There is a rise in testosterone production associated with the period during which SIDS is most prevalent. Between 1 and 5 months, testosterone levels range from 0.03 to 6.14 nmol/l for males and from 0.03 to 0.17 for females. In males these levels decrease to 0.07–0.24 at 6–11 months. ³¹ The ranges of testosterone in the adult females tested in our studies were within the range for males in the 1–5-month age range. There was a positive correlation between testosterone levels and pro-inflammatory responses to LPS when the cells were pre-treated with IFN-γ or IFN-γ and CSE (Table 2). No correlations were observed for levels found in adult males. The range of testosterone in adult males might be plateau levels in which concentrations of the hormone were too high to observe a positive correlation. The effect of testosterone on inflammatory responses has been controversial. For studies using blood samples from hypogonadal men, in vitro stimulation with LPS indicated that testosterone increased IL-10 responses; however, a dose–response effect was not observed with increasing testosterone concentrations. ²⁸

These findings indicate that in addition to low levels of night-time cortisol present in infants during the age range at greatest risk of SIDS, ¹³ an additional factor affecting dysregulation of the inflammatory responses to apparently ‘mild’ infections might be the increase in testosterone in male infants.

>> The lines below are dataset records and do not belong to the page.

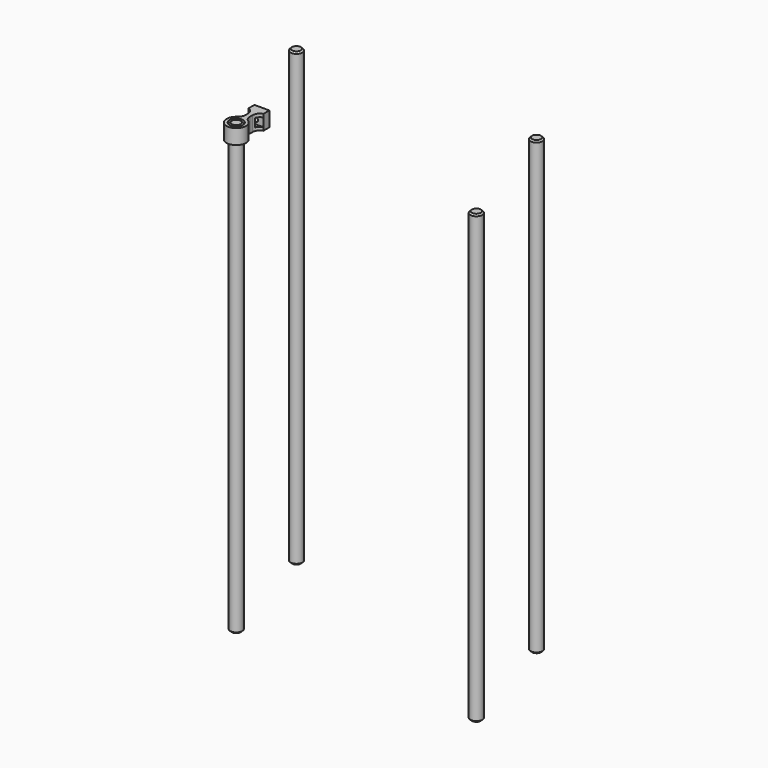
from build123d import *

# Parameters (mm, degrees)
F0_R          = 4
F1_DEPTH      = 303
F2_SIZE       = 1
F2_2_SIZE     = 1
F3_R          = 4
F4_DEPTH      = 280
F4_DEPTH_BACK = 20
F5_SIZE       = 1
F5_2_SIZE     = 1
F6_R          = 4.5
F7_DEPTH      = 10
F9_W          = 3
F9_H          = 5.7
F10_DEPTH     = 3
F8_R          = 1.5
F11_DEPTH     = 7
F12_T1_DEPTH  = 2.15
F12_T3_DEPTH  = 10
F12_T8_DEPTH  = 25.9984800354
F12_T15_DEPTH = 25.9984800354
F12_T21_DEPTH = 25.9984800354
F12_T28_DEPTH = 25.9984800354


# Not quite as in the source:
# - a fillet or chamfer that OpenCascade refuses, or shapes differently, is made with other operations: its cross-section is extruded or revolved along the edge and cut away or added


with BuildPart() as f1:
    # F0 (on Top) → F1 (new body)
    with BuildSketch(Plane.XY):
        with Locations((-80.5, 0)):
            Circle(F0_R)
    extrude(amount=F1_DEPTH)

    # F2
    f2_edges = [f1.edges().sort_by_distance(p)[0] for p in [
        (-84.5, 0, 0),
        (-84.5, 0, 303),
    ]]
    chamfer(f2_edges, length=F2_SIZE)


with BuildPart() as f1b:
    # F0 (on Top) → F1, piece 2 (new body)
    with BuildSketch(Plane.XY):
        with Locations((80.5, 0)):
            Circle(F0_R)
    extrude(amount=F1_DEPTH)

    # F2#2
    f2_2_edges = [f1b.edges().sort_by_distance(p)[0] for p in [
        (76.5, 0, 0),
        (76.5, 0, 303),
    ]]
    chamfer(f2_2_edges, length=F2_2_SIZE)


with BuildPart() as f4:
    # F3 (on Top) → F4 (new body, two sides)
    with BuildSketch(Plane.XY) as f4_sk:
        with Locations((-80.5, -50.5)):
            Circle(F3_R)
    extrude(amount=F4_DEPTH)
    extrude(f4_sk.sketch, amount=-F4_DEPTH_BACK)

    # F5
    f5_edges = [f4.edges().sort_by_distance(p)[0] for p in [
        (-84.5, -50.5, 280),
        (-84.5, -50.5, -20),
    ]]
    chamfer(f5_edges, length=F5_SIZE)


with BuildPart() as f4b:
    # F3 (on Top) → F4, piece 2 (new body, two sides)
    with BuildSketch(Plane.XY) as f4_2_sk:
        with Locations((80.5, -50.5)):
            Circle(F3_R)
    extrude(amount=F4_DEPTH)
    extrude(f4_2_sk.sketch, amount=-F4_DEPTH_BACK)

    # F5#2
    f5_2_edges = [f4b.edges().sort_by_distance(p)[0] for p in [
        (76.5, -50.5, 280),
        (76.5, -50.5, -20),
    ]]
    chamfer(f5_2_edges, length=F5_2_SIZE)


with BuildPart() as f7:
    # F6 (on face) → F7 (new body)
    with BuildSketch(Plane.XY.offset(280)):
        with BuildLine():
            Line((-82, -34), (-82, -44.1754446797))
            ThreePointArc((-82, -44.1754446797), (-80.5, -57), (-79, -44.1754446797))
            Line((-79, -44.1754446797), (-79, -34))
            Line((-79, -34), (-75.5, -34))
            Line((-75.5, -34), (-75.5, -29))
            Line((-75.5, -29), (-85.5, -29))
            Line((-85.5, -29), (-85.5, -34))
            Line((-85.5, -34), (-82, -34))
        make_face()
        with Locations((-80.5, -50.5)):
            Circle(F6_R, mode=Mode.SUBTRACT)
    extrude(amount=-F7_DEPTH)

    # F9 (on face) → F10 (cut, through all)
    with BuildSketch(Plane.YZ.offset(-79)):
        with Locations((-35.5, 275)):
            Rectangle(F9_W, F9_H)
    extrude(amount=-F10_DEPTH, mode=Mode.SUBTRACT)

    # F8 (on face) → F11 (cut)
    with BuildSketch(Plane(origin=(0, -29, 0), x_dir=(-1, 0, 0), z_dir=(0, 1, 0))):
        with Locations((80.5, 275)):
            Circle(F8_R)
    extrude(amount=-F11_DEPTH, mode=Mode.SUBTRACT)

    # F12: fillet of radius 5 on 4 edges, made by hand

    # F12_s2 → F12_t1 (join)
    with BuildSketch(Plane.XY.offset(277.85)):
        with BuildLine():
            ThreePointArc((-75.5, -34), (-78.0311288741, -35.8116561155), (-79, -38.7696960071))
            Line((-79, -38.7696960071), (-79, -34))
            Line((-79, -34), (-75.5, -34))
        make_face()
        with BuildLine():
            ThreePointArc((-85.5, -34), (-82.9688711259, -35.8116561155), (-82, -38.7696960071))
            Line((-82, -38.7696960071), (-82, -34))
            Line((-82, -34), (-85.5, -34))
        make_face()
    extrude(amount=F12_T1_DEPTH)

    # F12_s4 → F12_t3 (join)
    with BuildSketch(Plane.XY.offset(270)):
        with BuildLine():
            ThreePointArc((-79, -41.0131670195), (-78.4232586846, -43.3444290401), (-76.8260869565, -45.137877011))
            ThreePointArc((-76.8260869565, -45.137877011), (-77.8686670596, -44.5564247328), (-79, -44.1754446797))
            Line((-79, -44.1754446797), (-79, -41.0131670195))
        make_face()
        with BuildLine():
            ThreePointArc((-82, -41.0131670195), (-82.5767413154, -43.3444290401), (-84.1739130435, -45.137877011))
            ThreePointArc((-84.1739130435, -45.137877011), (-83.1313329404, -44.5564247328), (-82, -44.1754446797))
            Line((-82, -44.1754446797), (-82, -41.0131670195))
        make_face()
    extrude(amount=F12_T3_DEPTH)


with BuildPart() as f12_tool6:
    # F12_s7 → F12_t8 (new body)
    with BuildSketch(Plane.XY.offset(291.9242400177)):
        with BuildLine():
            ThreePointArc((-75.5, -34), (-78.0311288741, -35.8116561155), (-79, -38.7696960071))
            Line((-79, -38.7696960071), (-79, -34))
            Line((-79, -34), (-75.5, -34))
        make_face()
    extrude(amount=-F12_T8_DEPTH)

    split(bisect_by=Plane.XY.offset(270), keep=Keep.TOP)

    split(bisect_by=Plane.XY.offset(277.85), keep=Keep.BOTTOM)

    split(bisect_by=Plane.XZ.offset(37), keep=Keep.TOP)


with BuildPart() as f7_1:
    add(f7.part)

    # F12_t5: union F12_tool6
    add(f12_tool6.part)


with BuildPart() as f12_tool13:
    # F12_s14 → F12_t15 (new body)
    with BuildSketch(Plane.XY.offset(291.9242400177)):
        with BuildLine():
            ThreePointArc((-75.5, -34), (-78.0311288741, -35.8116561155), (-79, -38.7696960071))
            Line((-79, -38.7696960071), (-79, -34))
            Line((-79, -34), (-75.5, -34))
        make_face()
    extrude(amount=-F12_T15_DEPTH)

    split(bisect_by=Plane.XY.offset(270), keep=Keep.TOP)

    split(bisect_by=Plane.XY.offset(272.15), keep=Keep.BOTTOM)


with BuildPart() as f7_2:
    add(f7_1.part)

    # F12_t12: union F12_tool13
    add(f12_tool13.part)


with BuildPart() as f12_tool19:
    # F12_s20 → F12_t21 (new body)
    with BuildSketch(Plane.XY.offset(291.9242400177)):
        with BuildLine():
            ThreePointArc((-85.5, -34), (-82.9688711259, -35.8116561155), (-82, -38.7696960071))
            Line((-82, -38.7696960071), (-82, -34))
            Line((-82, -34), (-85.5, -34))
        make_face()
    extrude(amount=-F12_T21_DEPTH)

    split(bisect_by=Plane.XY.offset(270), keep=Keep.TOP)

    split(bisect_by=Plane.XY.offset(277.85), keep=Keep.BOTTOM)

    split(bisect_by=Plane.XZ.offset(37), keep=Keep.TOP)


with BuildPart() as f7_3:
    add(f7_2.part)

    # F12_t18: union F12_tool19
    add(f12_tool19.part)


with BuildPart() as f12_tool26:
    # F12_s27 → F12_t28 (new body)
    with BuildSketch(Plane.XY.offset(291.9242400177)):
        with BuildLine():
            ThreePointArc((-85.5, -34), (-82.9688711259, -35.8116561155), (-82, -38.7696960071))
            Line((-82, -38.7696960071), (-82, -34))
            Line((-82, -34), (-85.5, -34))
        make_face()
    extrude(amount=-F12_T28_DEPTH)

    split(bisect_by=Plane.XY.offset(270), keep=Keep.TOP)

    split(bisect_by=Plane.XY.offset(272.15), keep=Keep.BOTTOM)


with BuildPart() as f7_4:
    add(f7_3.part)

    # F12_t25: union F12_tool26
    add(f12_tool26.part)


solid = Compound([f1.part, f1b.part, f4.part, f4b.part, f7_4.part])

As this does not occur in female infants, the rise in testosterone could be an additional factor contributing to the higher proportion of males among SIDS infants.

Conclusion

This study confirms that PBMCs of males produce lower levels of pro-inflammatory cytokines than females and the responses were further reduced with exposure to the surrogate for cigarette smoke. A reduction in pro-inflammatory cytokines could reduce tissue damage or effects on physiological homeostasis during responses to infection. Reduced pro-inflammatory responses might also increase susceptibility to the initial stages of invasion/infection. Further investigations of the differences in cytokine responses and hormone levels in males and potential interaction of exposure cigarette smoke might provide further understanding of the effects of risk factors identified in epidemiological studies of SIDS and SUDI.